O DIA: Qual a diferença do Enem atual em relação ao anterior e ao tradicional vestibular?
Helinto: O Enem, no formato até 2008, foi concebido de uma forma muito distante da escola, desde sua concepção, em 1998, para que servisse de avaliação pessoal do aluno e também para que fosse usado como acesso ao Ensino Superior. Por isso, não deu certo. Sentimos a necessidade de criar dois componentes: a de orientação para o Ensino Médio e a do acesso ao Ensino Superior. O Enem passou a ter uma estrutura completamente diferente, sem aquela grande abrangência como tinha até o ano passado. Agora é composto por áreas (de Linguagem e Códigos, Ciências da Natureza, Ciências Humanas e Matemática). A redação continua no mesmo formato dos anos anteriores.
E em relação ao vestibular?
A estrutura atual do Enem pode estar um pouco diferente dos vestibulares. A maior parte ainda tem questões muito objetivas. O Enem passa daquele formato extremamente seco para uma estrutura muito próxima do que temos da vida, que é uma grande situação-problema, um contexto, em que o aluno tenha uma grande capacidade de percepção, de identificar o problema e, a partir dali, apontar a solução.
Por que os idiomas estrangeiros ficaram de fora?
Neste ano, não houve consenso acerca de se adotar um determinado idioma ou a obrigatoriedade de dois. Sabe-se também que idiomas estão muito associados ao fator socioeconômico, favorecendo quem fez um curso de Inglês paralelo. Por isso, decidiu-se neste ano não cobrar.
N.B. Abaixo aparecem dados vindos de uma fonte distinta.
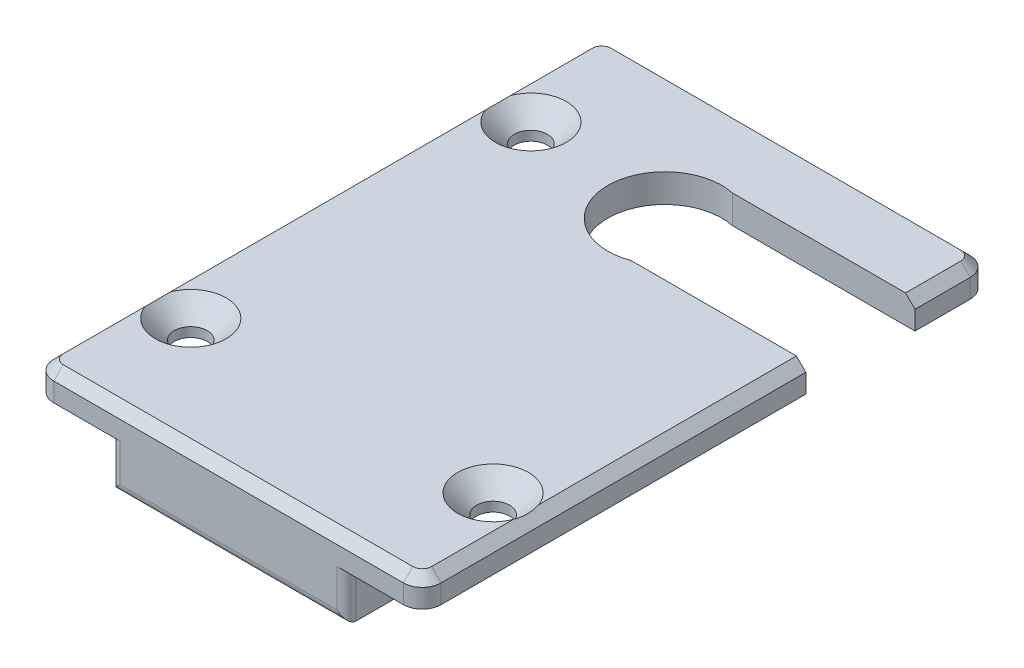
ISO-10303-21;
HEADER;
FILE_DESCRIPTION(('STEP AP214'),'2;1');
FILE_NAME('part.step','',(''),(''),'','','');
FILE_SCHEMA(('AUTOMOTIVE_DESIGN { 1 0 10303 214 1 1 1 1 }'));
ENDSEC;
DATA;
#1=APPLICATION_CONTEXT('core data for automotive mechanical design processes');
#2=APPLICATION_PROTOCOL_DEFINITION('international standard','automotive_design',2000,#1);
#3=PRODUCT_CONTEXT('',#1,'mechanical');
#4=PRODUCT('Part','Part','',(#3));
#5=PRODUCT_RELATED_PRODUCT_CATEGORY('part','',(#4));
#6=PRODUCT_DEFINITION_FORMATION('','',#4);
#7=PRODUCT_DEFINITION_CONTEXT('part definition',#1,'design');
#8=PRODUCT_DEFINITION('design','',#6,#7);
#9=PRODUCT_DEFINITION_SHAPE('','',#8);
#10=(LENGTH_UNIT() NAMED_UNIT(*) SI_UNIT(.MILLI.,.METRE.));
#11=(NAMED_UNIT(*) PLANE_ANGLE_UNIT() SI_UNIT($,.RADIAN.));
#12=(NAMED_UNIT(*) SI_UNIT($,.STERADIAN.) SOLID_ANGLE_UNIT());
#13=UNCERTAINTY_MEASURE_WITH_UNIT(LENGTH_MEASURE(1.E-05),#10,'distance_accuracy_value','');
#14=(GEOMETRIC_REPRESENTATION_CONTEXT(3) GLOBAL_UNCERTAINTY_ASSIGNED_CONTEXT((#13)) GLOBAL_UNIT_ASSIGNED_CONTEXT((#10,
#11,#12)) REPRESENTATION_CONTEXT('',''));
#15=CARTESIAN_POINT('',(0.,0.,0.));
#16=DIRECTION('',(0.,0.,1.));
#17=DIRECTION('',(1.,0.,0.));
#18=AXIS2_PLACEMENT_3D('',#15,#16,#17);
#19=CARTESIAN_POINT('',(20.5,3.,30.));
#20=DIRECTION('',(-1.,0.,0.));
#21=DIRECTION('',(0.,0.,1.));
#22=AXIS2_PLACEMENT_3D('',#19,#20,#21);
#23=PLANE('',#22);
#24=DIRECTION('',(0.,0.,-1.));
#25=VECTOR('',#24,1.);
#26=CARTESIAN_POINT('',(20.5,0.,30.));
#27=LINE('',#26,#25);
#28=CARTESIAN_POINT('',(20.5,0.,28.));
#29=VERTEX_POINT('',#28);
#30=CARTESIAN_POINT('',(20.5,0.,-10.6016995799924));
#31=VERTEX_POINT('',#30);
#32=EDGE_CURVE('E302',#29,#31,#27,.T.);
#33=ORIENTED_EDGE('',*,*,#32,.T.);
#34=DIRECTION('',(0.,1.,0.));
#35=VECTOR('',#34,1.);
#36=CARTESIAN_POINT('',(20.5,3.,-10.6016995799924));
#37=LINE('',#36,#35);
#38=CARTESIAN_POINT('',(20.5,1.99999999999999,-10.6016995799924));
#39=VERTEX_POINT('',#38);
#40=EDGE_CURVE('E251',#31,#39,#37,.T.);
#41=ORIENTED_EDGE('',*,*,#40,.T.);
#42=DIRECTION('',(0.,0.,1.));
#43=VECTOR('',#42,1.);
#44=CARTESIAN_POINT('',(20.5,1.99999999999999,30.));
#45=LINE('',#44,#43);
#46=CARTESIAN_POINT('',(20.5,1.99999999999999,28.));
#47=VERTEX_POINT('',#46);
#48=EDGE_CURVE('E448',#39,#47,#45,.T.);
#49=ORIENTED_EDGE('',*,*,#48,.T.);
#50=DIRECTION('',(0.,-1.,0.));
#51=VECTOR('',#50,1.);
#52=CARTESIAN_POINT('',(20.5,3.,28.));
#53=LINE('',#52,#51);
#54=EDGE_CURVE('E339',#47,#29,#53,.T.);
#55=ORIENTED_EDGE('',*,*,#54,.T.);
#56=EDGE_LOOP('',(#33,#41,#49,#55));
#57=FACE_BOUND('',#56,.T.);
#58=ADVANCED_FACE('F41',(#57),#23,.F.);
#59=CARTESIAN_POINT('',(19.5,3.,0.));
#60=DIRECTION('',(-0.70710678118655,-0.707106781186545,0.));
#61=DIRECTION('',(0.,0.,-1.));
#62=AXIS2_PLACEMENT_3D('',#59,#60,#61);
#63=PLANE('',#62);
#64=DIRECTION('',(-0.707106781186545,0.70710678118655,0.));
#65=VECTOR('',#64,1.);
#66=CARTESIAN_POINT('',(19.5,3.,-10.6016995799924));
#67=LINE('',#66,#65);
#68=CARTESIAN_POINT('',(19.5,3.,-10.6016995799924));
#69=VERTEX_POINT('',#68);
#70=EDGE_CURVE('E52',#69,#39,#67,.F.);
#71=ORIENTED_EDGE('',*,*,#70,.F.);
#72=DIRECTION('',(0.,0.,-1.));
#73=VECTOR('',#72,1.);
#74=CARTESIAN_POINT('',(19.5,3.,0.));
#75=LINE('',#74,#73);
#76=CARTESIAN_POINT('',(19.5,3.,16.6537087982164));
#77=VERTEX_POINT('',#76);
#78=EDGE_CURVE('E401',#77,#69,#75,.T.);
#79=ORIENTED_EDGE('',*,*,#78,.F.);
#80=CARTESIAN_POINT('',(19.5,3.,16.6537087982164));
#81=CARTESIAN_POINT('',(19.5136395829137,2.98636041708632,16.7271557247768));
#82=CARTESIAN_POINT('',(19.5262319038294,2.9737680961706,16.8009847575149));
#83=CARTESIAN_POINT('',(19.5492470662032,2.95075293379682,16.9493241816484));
#84=CARTESIAN_POINT('',(19.5596696628604,2.94033033713958,17.0238346489383));
#85=CARTESIAN_POINT('',(19.5875719343792,2.91242806562079,17.2482855541465));
#86=CARTESIAN_POINT('',(19.6016774869704,2.89832251302957,17.3990995671171));
#87=CARTESIAN_POINT('',(19.620246658516,2.87975334148401,17.698564488858));
#88=CARTESIAN_POINT('',(19.6249145973038,2.87508540269624,17.8471904738007));
#89=CARTESIAN_POINT('',(19.6250829605765,2.87491703942347,18.1443923528261));
#90=CARTESIAN_POINT('',(19.6205886391022,2.8794113608978,18.2929682267787));
#91=CARTESIAN_POINT('',(19.6069708195754,2.8930291804246,18.5169258839211));
#92=CARTESIAN_POINT('',(19.6011644134379,2.89883558656207,18.5927412381178));
#93=CARTESIAN_POINT('',(19.5872252455234,2.91277475447664,18.7439337010953));
#94=CARTESIAN_POINT('',(19.5790928010897,2.92090719891032,18.8193108682281));
#95=CARTESIAN_POINT('',(19.5510921202727,2.94890787972734,19.0463221433284));
#96=CARTESIAN_POINT('',(19.5277272002364,2.97227279976361,19.1971114573755));
#97=CARTESIAN_POINT('',(19.5,3.,19.3462912017836));
#98=B_SPLINE_CURVE_WITH_KNOTS('',3,(#80,#81,#82,#83,#84,#85,#86,#87,#88,#89,#90,#91,#92,#93,#94,
#95,#96,#97),.UNSPECIFIED.,.F.,.F.,(4,2,2,2,2,2,2,2,4),(0.,0.227782292764961,0.455590271332598,
0.911348314212516,1.3571289603666,1.80265404831174,2.03136826305219,2.26005128898759,
2.72259270099148),.UNSPECIFIED.);
#99=CARTESIAN_POINT('',(19.5,3.,19.3462912017836));
#100=VERTEX_POINT('',#99);
#101=EDGE_CURVE('E66',#77,#100,#98,.T.);
#102=ORIENTED_EDGE('',*,*,#101,.T.);
#103=CARTESIAN_POINT('',(19.5,3.,28.));
#104=VERTEX_POINT('',#103);
#105=EDGE_CURVE('E396',#104,#100,#75,.T.);
#106=ORIENTED_EDGE('',*,*,#105,.F.);
#107=DIRECTION('',(0.707106781186545,-0.70710678118655,0.));
#108=VECTOR('',#107,1.);
#109=CARTESIAN_POINT('',(19.5,3.,28.));
#110=LINE('',#109,#108);
#111=EDGE_CURVE('E471',#104,#47,#110,.T.);
#112=ORIENTED_EDGE('',*,*,#111,.T.);
#113=ORIENTED_EDGE('',*,*,#48,.F.);
#114=EDGE_LOOP('',(#71,#79,#102,#106,#112,#113));
#115=FACE_BOUND('',#114,.T.);
#116=ADVANCED_FACE('F534',(#115),#63,.F.);
#117=CARTESIAN_POINT('',(20.5,1.99999999999999,-28.));
#118=VERTEX_POINT('',#117);
#119=CARTESIAN_POINT('',(20.5,1.99999999999999,-22.1574926307751));
#120=VERTEX_POINT('',#119);
#121=EDGE_CURVE('E449',#118,#120,#45,.T.);
#122=ORIENTED_EDGE('',*,*,#121,.T.);
#123=DIRECTION('',(0.,-1.,0.));
#124=VECTOR('',#123,1.);
#125=CARTESIAN_POINT('',(20.5,3.,-22.1574926307751));
#126=LINE('',#125,#124);
#127=CARTESIAN_POINT('',(20.5,0.,-22.1574926307751));
#128=VERTEX_POINT('',#127);
#129=EDGE_CURVE('E59',#120,#128,#126,.T.);
#130=ORIENTED_EDGE('',*,*,#129,.T.);
#131=CARTESIAN_POINT('',(20.5,0.,-28.));
#132=VERTEX_POINT('',#131);
#133=EDGE_CURVE('E294',#128,#132,#27,.T.);
#134=ORIENTED_EDGE('',*,*,#133,.T.);
#135=DIRECTION('',(0.,-1.,0.));
#136=VECTOR('',#135,1.);
#137=CARTESIAN_POINT('',(20.5,3.,-28.));
#138=LINE('',#137,#136);
#139=EDGE_CURVE('E342',#132,#118,#138,.F.);
#140=ORIENTED_EDGE('',*,*,#139,.T.);
#141=EDGE_LOOP('',(#122,#130,#134,#140));
#142=FACE_BOUND('',#141,.T.);
#143=ADVANCED_FACE('F582',(#142),#23,.F.);
#144=CARTESIAN_POINT('',(-20.5,3.,-30.));
#145=DIRECTION('',(0.,0.,1.));
#146=DIRECTION('',(1.,0.,0.));
#147=AXIS2_PLACEMENT_3D('',#144,#145,#146);
#148=PLANE('',#147);
#149=DIRECTION('',(0.,-1.,0.));
#150=VECTOR('',#149,1.);
#151=CARTESIAN_POINT('',(-18.5,3.,-30.));
#152=LINE('',#151,#150);
#153=CARTESIAN_POINT('',(-18.5,0.,-30.));
#154=VERTEX_POINT('',#153);
#155=CARTESIAN_POINT('',(-18.5,1.99999999999999,-30.));
#156=VERTEX_POINT('',#155);
#157=EDGE_CURVE('E318',#154,#156,#152,.F.);
#158=ORIENTED_EDGE('',*,*,#157,.T.);
#159=DIRECTION('',(1.,0.,0.));
#160=VECTOR('',#159,1.);
#161=CARTESIAN_POINT('',(-20.5,2.00000000000001,-30.));
#162=LINE('',#161,#160);
#163=CARTESIAN_POINT('',(18.5,1.99999999999999,-30.));
#164=VERTEX_POINT('',#163);
#165=EDGE_CURVE('E426',#156,#164,#162,.T.);
#166=ORIENTED_EDGE('',*,*,#165,.T.);
#167=DIRECTION('',(0.,-1.,0.));
#168=VECTOR('',#167,1.);
#169=CARTESIAN_POINT('',(18.5,3.,-30.));
#170=LINE('',#169,#168);
#171=CARTESIAN_POINT('',(18.5,0.,-30.));
#172=VERTEX_POINT('',#171);
#173=EDGE_CURVE('E322',#164,#172,#170,.T.);
#174=ORIENTED_EDGE('',*,*,#173,.T.);
#175=DIRECTION('',(-1.,0.,0.));
#176=VECTOR('',#175,1.);
#177=CARTESIAN_POINT('',(-20.5,0.,-30.));
#178=LINE('',#177,#176);
#179=EDGE_CURVE('E306',#172,#154,#178,.T.);
#180=ORIENTED_EDGE('',*,*,#179,.T.);
#181=EDGE_LOOP('',(#158,#166,#174,#180));
#182=FACE_BOUND('',#181,.T.);
#183=ADVANCED_FACE('F590',(#182),#148,.F.);
#184=CARTESIAN_POINT('',(-20.5,3.,30.));
#185=DIRECTION('',(1.,0.,0.));
#186=DIRECTION('',(0.,0.,-1.));
#187=AXIS2_PLACEMENT_3D('',#184,#185,#186);
#188=PLANE('',#187);
#189=DIRECTION('',(0.,-1.,0.));
#190=VECTOR('',#189,1.);
#191=CARTESIAN_POINT('',(-20.5,3.,28.));
#192=LINE('',#191,#190);
#193=CARTESIAN_POINT('',(-20.5,0.,28.));
#194=VERTEX_POINT('',#193);
#195=CARTESIAN_POINT('',(-20.5,1.99999999999999,28.));
#196=VERTEX_POINT('',#195);
#197=EDGE_CURVE('E346',#194,#196,#192,.F.);
#198=ORIENTED_EDGE('',*,*,#197,.T.);
#199=DIRECTION('',(0.,0.,-1.));
#200=VECTOR('',#199,1.);
#201=CARTESIAN_POINT('',(-20.5,1.99999999999999,30.));
#202=LINE('',#201,#200);
#203=CARTESIAN_POINT('',(-20.5,1.99999999999999,-28.));
#204=VERTEX_POINT('',#203);
#205=EDGE_CURVE('E430',#196,#204,#202,.T.);
#206=ORIENTED_EDGE('',*,*,#205,.T.);
#207=DIRECTION('',(0.,-1.,0.));
#208=VECTOR('',#207,1.);
#209=CARTESIAN_POINT('',(-20.5,3.,-28.));
#210=LINE('',#209,#208);
#211=CARTESIAN_POINT('',(-20.5,0.,-28.));
#212=VERTEX_POINT('',#211);
#213=EDGE_CURVE('E350',#204,#212,#210,.T.);
#214=ORIENTED_EDGE('',*,*,#213,.T.);
#215=DIRECTION('',(0.,0.,1.));
#216=VECTOR('',#215,1.);
#217=CARTESIAN_POINT('',(-20.5,0.,30.));
#218=LINE('',#217,#216);
#219=EDGE_CURVE('E310',#212,#194,#218,.T.);
#220=ORIENTED_EDGE('',*,*,#219,.T.);
#221=EDGE_LOOP('',(#198,#206,#214,#220));
#222=FACE_BOUND('',#221,.T.);
#223=ADVANCED_FACE('F595',(#222),#188,.F.);
#224=CARTESIAN_POINT('',(-20.5,3.,30.));
#225=DIRECTION('',(0.,0.,-1.));
#226=DIRECTION('',(-1.,0.,0.));
#227=AXIS2_PLACEMENT_3D('',#224,#225,#226);
#228=PLANE('',#227);
#229=DIRECTION('',(0.,-1.,0.));
#230=VECTOR('',#229,1.);
#231=CARTESIAN_POINT('',(18.5,3.,30.));
#232=LINE('',#231,#230);
#233=CARTESIAN_POINT('',(18.5,0.,30.));
#234=VERTEX_POINT('',#233);
#235=CARTESIAN_POINT('',(18.5,1.99999999999999,30.));
#236=VERTEX_POINT('',#235);
#237=EDGE_CURVE('E353',#234,#236,#232,.F.);
#238=ORIENTED_EDGE('',*,*,#237,.T.);
#239=DIRECTION('',(-1.,0.,0.));
#240=VECTOR('',#239,1.);
#241=CARTESIAN_POINT('',(-20.5,1.99999999999999,30.));
#242=LINE('',#241,#240);
#243=CARTESIAN_POINT('',(-18.5,1.99999999999999,30.));
#244=VERTEX_POINT('',#243);
#245=EDGE_CURVE('E439',#236,#244,#242,.T.);
#246=ORIENTED_EDGE('',*,*,#245,.T.);
#247=DIRECTION('',(0.,-1.,0.));
#248=VECTOR('',#247,1.);
#249=CARTESIAN_POINT('',(-18.5,3.,30.));
#250=LINE('',#249,#248);
#251=CARTESIAN_POINT('',(-18.5,0.,30.));
#252=VERTEX_POINT('',#251);
#253=EDGE_CURVE('E357',#244,#252,#250,.T.);
#254=ORIENTED_EDGE('',*,*,#253,.T.);
#255=DIRECTION('',(1.,0.,0.));
#256=VECTOR('',#255,1.);
#257=CARTESIAN_POINT('',(-20.5,0.,30.));
#258=LINE('',#257,#256);
#259=CARTESIAN_POINT('',(-11.5,0.,30.));
#260=VERTEX_POINT('',#259);
#261=EDGE_CURVE('E315',#252,#260,#258,.T.);
#262=ORIENTED_EDGE('',*,*,#261,.T.);
#263=DIRECTION('',(0.,1.,0.));
#264=VECTOR('',#263,1.);
#265=CARTESIAN_POINT('',(-11.5,3.,30.));
#266=LINE('',#265,#264);
#267=CARTESIAN_POINT('',(-11.5,-4.,30.));
#268=VERTEX_POINT('',#267);
#269=EDGE_CURVE('E371',#260,#268,#266,.F.);
#270=ORIENTED_EDGE('',*,*,#269,.T.);
#271=DIRECTION('',(-1.,0.,0.));
#272=VECTOR('',#271,1.);
#273=CARTESIAN_POINT('',(-20.5,-4.,30.));
#274=LINE('',#273,#272);
#275=CARTESIAN_POINT('',(11.5,-4.,30.));
#276=VERTEX_POINT('',#275);
#277=EDGE_CURVE('E368',#268,#276,#274,.F.);
#278=ORIENTED_EDGE('',*,*,#277,.T.);
#279=DIRECTION('',(0.,1.,0.));
#280=VECTOR('',#279,1.);
#281=CARTESIAN_POINT('',(11.5,3.,30.));
#282=LINE('',#281,#280);
#283=CARTESIAN_POINT('',(11.5,0.,30.));
#284=VERTEX_POINT('',#283);
#285=EDGE_CURVE('E364',#276,#284,#282,.T.);
#286=ORIENTED_EDGE('',*,*,#285,.T.);
#287=EDGE_CURVE('E314',#284,#234,#258,.T.);
#288=ORIENTED_EDGE('',*,*,#287,.T.);
#289=EDGE_LOOP('',(#238,#246,#254,#262,#270,#278,#286,#288));
#290=FACE_BOUND('',#289,.T.);
#291=ADVANCED_FACE('F674',(#290),#228,.F.);
#292=CARTESIAN_POINT('',(0.,3.,0.));
#293=DIRECTION('',(0.,-1.,0.));
#294=DIRECTION('',(0.,0.,-1.));
#295=AXIS2_PLACEMENT_3D('',#292,#293,#294);
#296=PLANE('',#295);
#297=ORIENTED_EDGE('',*,*,#78,.T.);
#298=DIRECTION('',(1.,0.,0.));
#299=VECTOR('',#298,1.);
#300=CARTESIAN_POINT('',(23.4185968881252,3.,-10.6016995799924));
#301=LINE('',#300,#299);
#302=CARTESIAN_POINT('',(2.02351344164301,3.,-10.6016995799924));
#303=VERTEX_POINT('',#302);
#304=EDGE_CURVE('E227',#303,#69,#301,.T.);
#305=ORIENTED_EDGE('',*,*,#304,.F.);
#306=CARTESIAN_POINT('',(-0.0812731172144571,3.,-16.2575493955439));
#307=DIRECTION('',(0.,1.,0.));
#308=DIRECTION('',(0.,0.,1.));
#309=AXIS2_PLACEMENT_3D('',#306,#307,#308);
#310=CIRCLE('',#309,6.03479606900029);
#311=CARTESIAN_POINT('',(1.1873613516026,3.,-22.1574926307751));
#312=VERTEX_POINT('',#311);
#313=EDGE_CURVE('E221',#312,#303,#310,.T.);
#314=ORIENTED_EDGE('',*,*,#313,.F.);
#315=DIRECTION('',(-1.,0.,0.));
#316=VECTOR('',#315,1.);
#317=CARTESIAN_POINT('',(23.4185968881252,3.,-22.1574926307751));
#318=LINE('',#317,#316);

Mas o objetivo é exigir o uso da língua estrangeira em 2010. Assim, na próxima reunião do conselho, será decidido se será um idioma, se será possível optar entre dois, ou se cobraremos dois obrigatoriamente.
Como será o aproveitamento e a validade da nota do Enem?
As instituições e o próprio comitê gestor ainda vão decidir sobre isso. O importante é dizer que é uma nota comparável ao longo do tempo. Agora, se vai valer durante um momento, dois ou três, deixaremos que as instituições se posicionem a respeito. Essa discussão é que vai permear o tempo de utilização do Enem. Mas pode ser válido por várias edições. Se o aluno não fizer o Enem do ano que vem, ele pode participar com a nota deste ano. Isso está definido.
Com o mesmo peso?
Sim. O que está para ser definido é se o aluno poderá utilizar a última nota maior (em caso de participar de várias edições). Como esse é o primeiro ano, não há esse problema. Estamos deixando essa discussão evoluir para que tome corpo para decisão já na próxima reunião do comitê gestor.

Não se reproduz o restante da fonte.